We study systems in which the structure of the circuit or system depends on the dynamical response. In the present paper, observations of behaviours in complex systems where abrupt changes in the character of the motion (or of the time series) are observed, are presented. The possibility of sudden changes of behaviour is probably universal in VSSs, and we examine various other systems each of which which may be classified as a VSS.
Sudden changes are sometimes termed intermittencies, and there is a classic report of a type of intermittency, resulting in the interleaving of laminar flow with bursts of chaos, in the papers of Pomeau and Manneville [6][7]. Here we have borrowed the term ``intermittency" to describe other kinds of sudden change in the time series; in the case of the electronic example, there are bursts of extended chaos interspersed with periods of less extended chaos; and in the traffic simulations, there are sudden changes in the mean lifetime of packets on the net.
The bursty trapping is interpreted as evolution in the system dynamics, in the sense that, as time progresses, the dynamics change discontinuously. Since in a VSS, the system dynamics control the structure of the system, it follows that in a system which traps, the system can be engineered to evolve. This paper makes the suggestion that artificially contrived VSSs may be used as test-beds for studies of the time-development of complex systems.
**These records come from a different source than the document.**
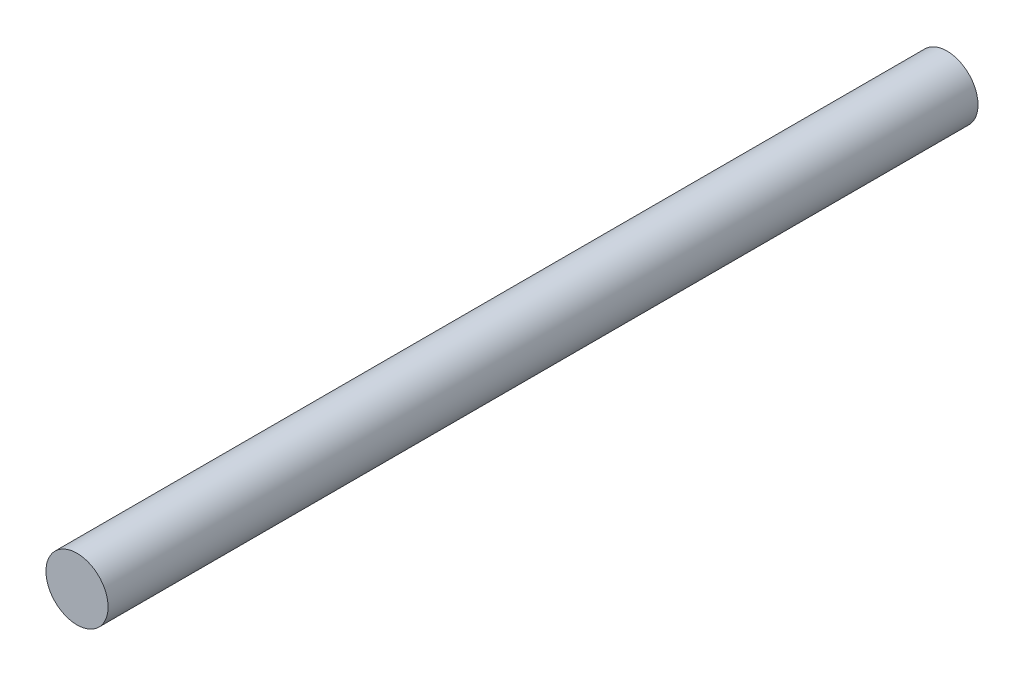
ISO-10303-21;
HEADER;
FILE_DESCRIPTION(('STEP AP214'),'2;1');
FILE_NAME('part.step','',(''),(''),'','','');
FILE_SCHEMA(('AUTOMOTIVE_DESIGN { 1 0 10303 214 1 1 1 1 }'));
ENDSEC;
DATA;
#1=APPLICATION_CONTEXT('core data for automotive mechanical design processes');
#2=APPLICATION_PROTOCOL_DEFINITION('international standard','automotive_design',2000,#1);
#3=PRODUCT_CONTEXT('',#1,'mechanical');
#4=PRODUCT('Part','Part','',(#3));
#5=PRODUCT_RELATED_PRODUCT_CATEGORY('part','',(#4));
#6=PRODUCT_DEFINITION_FORMATION('','',#4);
#7=PRODUCT_DEFINITION_CONTEXT('part definition',#1,'design');
#8=PRODUCT_DEFINITION('design','',#6,#7);
#9=PRODUCT_DEFINITION_SHAPE('','',#8);
#10=(LENGTH_UNIT() NAMED_UNIT(*) SI_UNIT(.MILLI.,.METRE.));
#11=(NAMED_UNIT(*) PLANE_ANGLE_UNIT() SI_UNIT($,.RADIAN.));
#12=(NAMED_UNIT(*) SI_UNIT($,.STERADIAN.) SOLID_ANGLE_UNIT());
#13=UNCERTAINTY_MEASURE_WITH_UNIT(LENGTH_MEASURE(1.E-05),#10,'distance_accuracy_value','');
#14=(GEOMETRIC_REPRESENTATION_CONTEXT(3) GLOBAL_UNCERTAINTY_ASSIGNED_CONTEXT((#13)) GLOBAL_UNIT_ASSIGNED_CONTEXT((#10,
#11,#12)) REPRESENTATION_CONTEXT('',''));
#15=CARTESIAN_POINT('',(0.,0.,0.));
#16=DIRECTION('',(0.,0.,1.));
#17=DIRECTION('',(1.,0.,0.));
#18=AXIS2_PLACEMENT_3D('',#15,#16,#17);
#19=CARTESIAN_POINT('',(0.,0.,70.));
#20=DIRECTION('',(0.,0.,-1.));
#21=DIRECTION('',(-1.,0.,0.));
#22=AXIS2_PLACEMENT_3D('',#19,#20,#21);
#23=CYLINDRICAL_SURFACE('',#22,2.5);
#24=CARTESIAN_POINT('',(0.,0.,70.));
#25=DIRECTION('',(0.,0.,1.));
#26=DIRECTION('',(1.,0.,0.));
#27=AXIS2_PLACEMENT_3D('',#24,#25,#26);
#28=CIRCLE('',#27,2.5);
#29=CARTESIAN_POINT('',(2.5,0.,70.));
#30=VERTEX_POINT('',#29);
#31=EDGE_CURVE('E10',#30,#30,#28,.T.);
#32=ORIENTED_EDGE('',*,*,#31,.F.);
#33=EDGE_LOOP('',(#32));
#34=FACE_BOUND('',#33,.T.);
#35=CARTESIAN_POINT('',(0.,0.,0.));
#36=DIRECTION('',(0.,0.,1.));
#37=DIRECTION('',(1.,0.,0.));
#38=AXIS2_PLACEMENT_3D('',#35,#36,#37);
#39=CIRCLE('',#38,2.5);
#40=CARTESIAN_POINT('',(2.5,0.,0.));
#41=VERTEX_POINT('',#40);
#42=EDGE_CURVE('E44',#41,#41,#39,.T.);
#43=ORIENTED_EDGE('',*,*,#42,.T.);
#44=EDGE_LOOP('',(#43));
#45=FACE_BOUND('',#44,.T.);
#46=ADVANCED_FACE('F41',(#34,#45),#23,.T.);
#47=CARTESIAN_POINT('',(0.,0.,70.));
#48=DIRECTION('',(0.,0.,1.));
#49=DIRECTION('',(1.,0.,0.));
#50=AXIS2_PLACEMENT_3D('',#47,#48,#49);
#51=PLANE('',#50);
#52=ORIENTED_EDGE('',*,*,#31,.T.);
#53=EDGE_LOOP('',(#52));
#54=FACE_BOUND('',#53,.T.);
#55=ADVANCED_FACE('F58',(#54),#51,.T.);
#56=CARTESIAN_POINT('',(0.,0.,0.));
#57=DIRECTION('',(0.,0.,1.));
#58=DIRECTION('',(1.,0.,0.));
#59=AXIS2_PLACEMENT_3D('',#56,#57,#58);
#60=PLANE('',#59);
#61=ORIENTED_EDGE('',*,*,#42,.F.);
#62=EDGE_LOOP('',(#61));
#63=FACE_BOUND('',#62,.T.);
#64=ADVANCED_FACE('F56',(#63),#60,.F.);
#65=CLOSED_SHELL('',(#46,#55,#64));
#66=MANIFOLD_SOLID_BREP('B2',#65);
#67=ADVANCED_BREP_SHAPE_REPRESENTATION('',(#18,#66),#14);
#68=SHAPE_DEFINITION_REPRESENTATION(#9,#67);
ENDSEC;
END-ISO-10303-21;

A common reaction on being presented with an abrupt change of behaviour is to seek out the immediate cause. Often this is done with a view to removing the immediate cause and thus to smooth out the behaviour, or to ``control the chaos", in order to make it more predictable and tractable. In many cases control of irregular behaviour is not possible; the attempts to control the chaos by contingent changes in parameters merely serve to turn the system into a VSS which can then display even more irregular behaviour.
The experiments we have made on the disparate systems, electronic experiments and network simulations, and the impacting oscillator study, all give a view of such behaviour; that the irregularities grow naturally out of the dynamics, which can occur in a closed autonomous system and not be consequences of externally time-varying parameters.